Protocol Buffers
Protobuf is Google's interface description language and binary wire format. You write a
schema in a .proto file, run a code generator, and get typed message classes in
whatever languages you need. The bytes that go on the wire are compact and tagged, and the
schema has a small set of rules for how it can evolve over time without breaking the clients
you've already shipped. This page walks the whole path: the schema language, how a message
turns into bytes, why those bytes are smaller and faster to parse than JSON, the rules that
keep two versions of a schema compatible, and where Protobuf fits next to gRPC.
The problem Protobuf solves
Two services need to exchange a record — a charge, a user, an order. They are written in different languages, owned by different teams, and deployed on their own schedules. Each side has to agree on what fields exist, what type each field is, and how the whole thing is laid out as bytes so the other side can read it back. Get that agreement wrong and you get the worst class of bug: data that parses cleanly but means something different than the sender intended.
Text formats like JSON answer this by being self-describing. Every value carries its field name and its structure right there in the payload, so a parser can read a JSON document with no prior knowledge of its shape. That is convenient and it is why JSON won the public web. It is also the source of its cost: every message repeats every field name as text, numbers are written as decimal digits, and the parser has to scan characters and guess types as it goes. There is no contract that the sender and receiver share ahead of time, so nothing stops a field from quietly changing meaning.
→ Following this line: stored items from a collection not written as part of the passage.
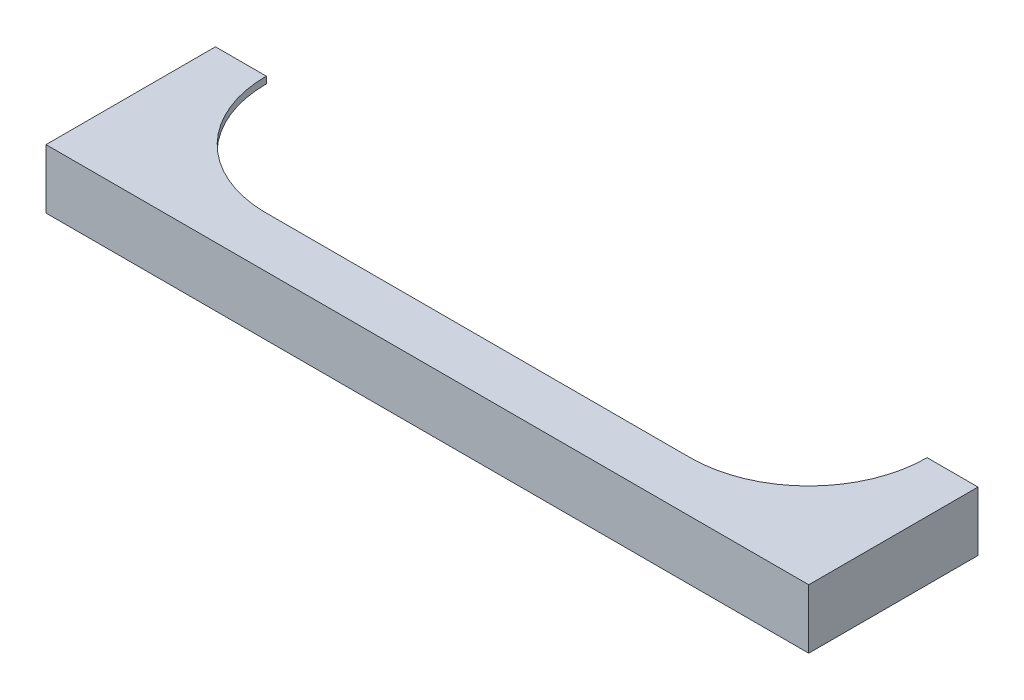
SolidWorks part; units mm, degrees
ref_plane "Front Plane" through (0, 0, 0) normal (0, 0, 1) x (1, 0, 0)
ref_plane "Top Plane" through (0, 0, 0) normal (0, 1, 0) x (1, 0, 0)
ref_plane "Right Plane" through (0, 0, 0) normal (1, 0, 0) x (0, 0, -1)
sketch "Sketch1" plane through (0, 0, 0) normal (0, 1, 0) x (1, 0, 0)
  line L0 (-4500, 0) -> (4499.9997, 2.3515)
  line L1 (-4500, 0) -> (-4500, 2000)
  line L2 (4499.9997, 2.3515) -> (4500, 2000)
  line L3 (4500, 2000) -> (3900, 2000)
  line L4 (-4500, 2000) -> (-3900, 2000)
  line L5 (-2537.8841, 600.5127) -> (2501.8294, 601.8294)
  arc A0 (-3900, 2000) -> (-2537.8841, 600.5127) centre (-2500, 2000) ccw
  arc A1 (3900, 2000) -> (2501.8294, 601.8294) centre (2501.8294, 2000) cw
  point P3 (-0.0002, 1.1757)
  point P8 (0, 0)
  dimension "D1" = 9000
  dimension "D2" = 2000
  dimension "D3" = 600
  dimension "D4" = 600
  dimension "D5" = 600
ref_plane "Plane1" through (0, 0, -2500) normal (0, 0, 1) x (1, 0, 0)
extrude "Boss-Extrude1" add sketch "Sketch1" along normal blind 700
sketch "Sketch6" plane through (0, 0, -2500) normal (0, 0, 1) x (1, 0, 0)
  line L0 (-4460, 0) -> (4460, 0)
  line L1 (4460, 0) -> (4460, 620)
  line L2 (4460, 620) -> (-4460, 620)
  line L3 (-4460, 620) -> (-4460, 0)
  point P3 (0, 0)
  dimension "D1" = 8920
  dimension "D2" = 620
extrude "Cut-Extrude1" cut sketch "Sketch6" along normal blind 2400

Protobuf takes the opposite bet. The contract — the schema — lives outside the bytes, in a
.proto file that both sides compile against. Because both ends already know the
shape, the bytes on the wire can drop the field names entirely and carry only small numeric
tags and tightly packed values. That single decision is what makes Protobuf compact, fast to
parse, and strongly typed, and it is also the source of its main drawback: you cannot read
the bytes without the schema. The rest of this page is the consequences of that trade.
A schema lives in a .proto file
syntax = "proto3";
package billing.v1;
message Charge {
string id = 1;
int64 amount_cents = 2;
string currency = 3;
Status status = 4;
repeated string tags = 5;
}
enum Status {
STATUS_UNSPECIFIED = 0;
STATUS_PENDING = 1;
STATUS_SETTLED = 2;
STATUS_FAILED = 3;
}Three things to notice. First: the numbers (1, 2, 3...) are field tags,
not array indexes. They're what gets serialised on the wire — never the field names.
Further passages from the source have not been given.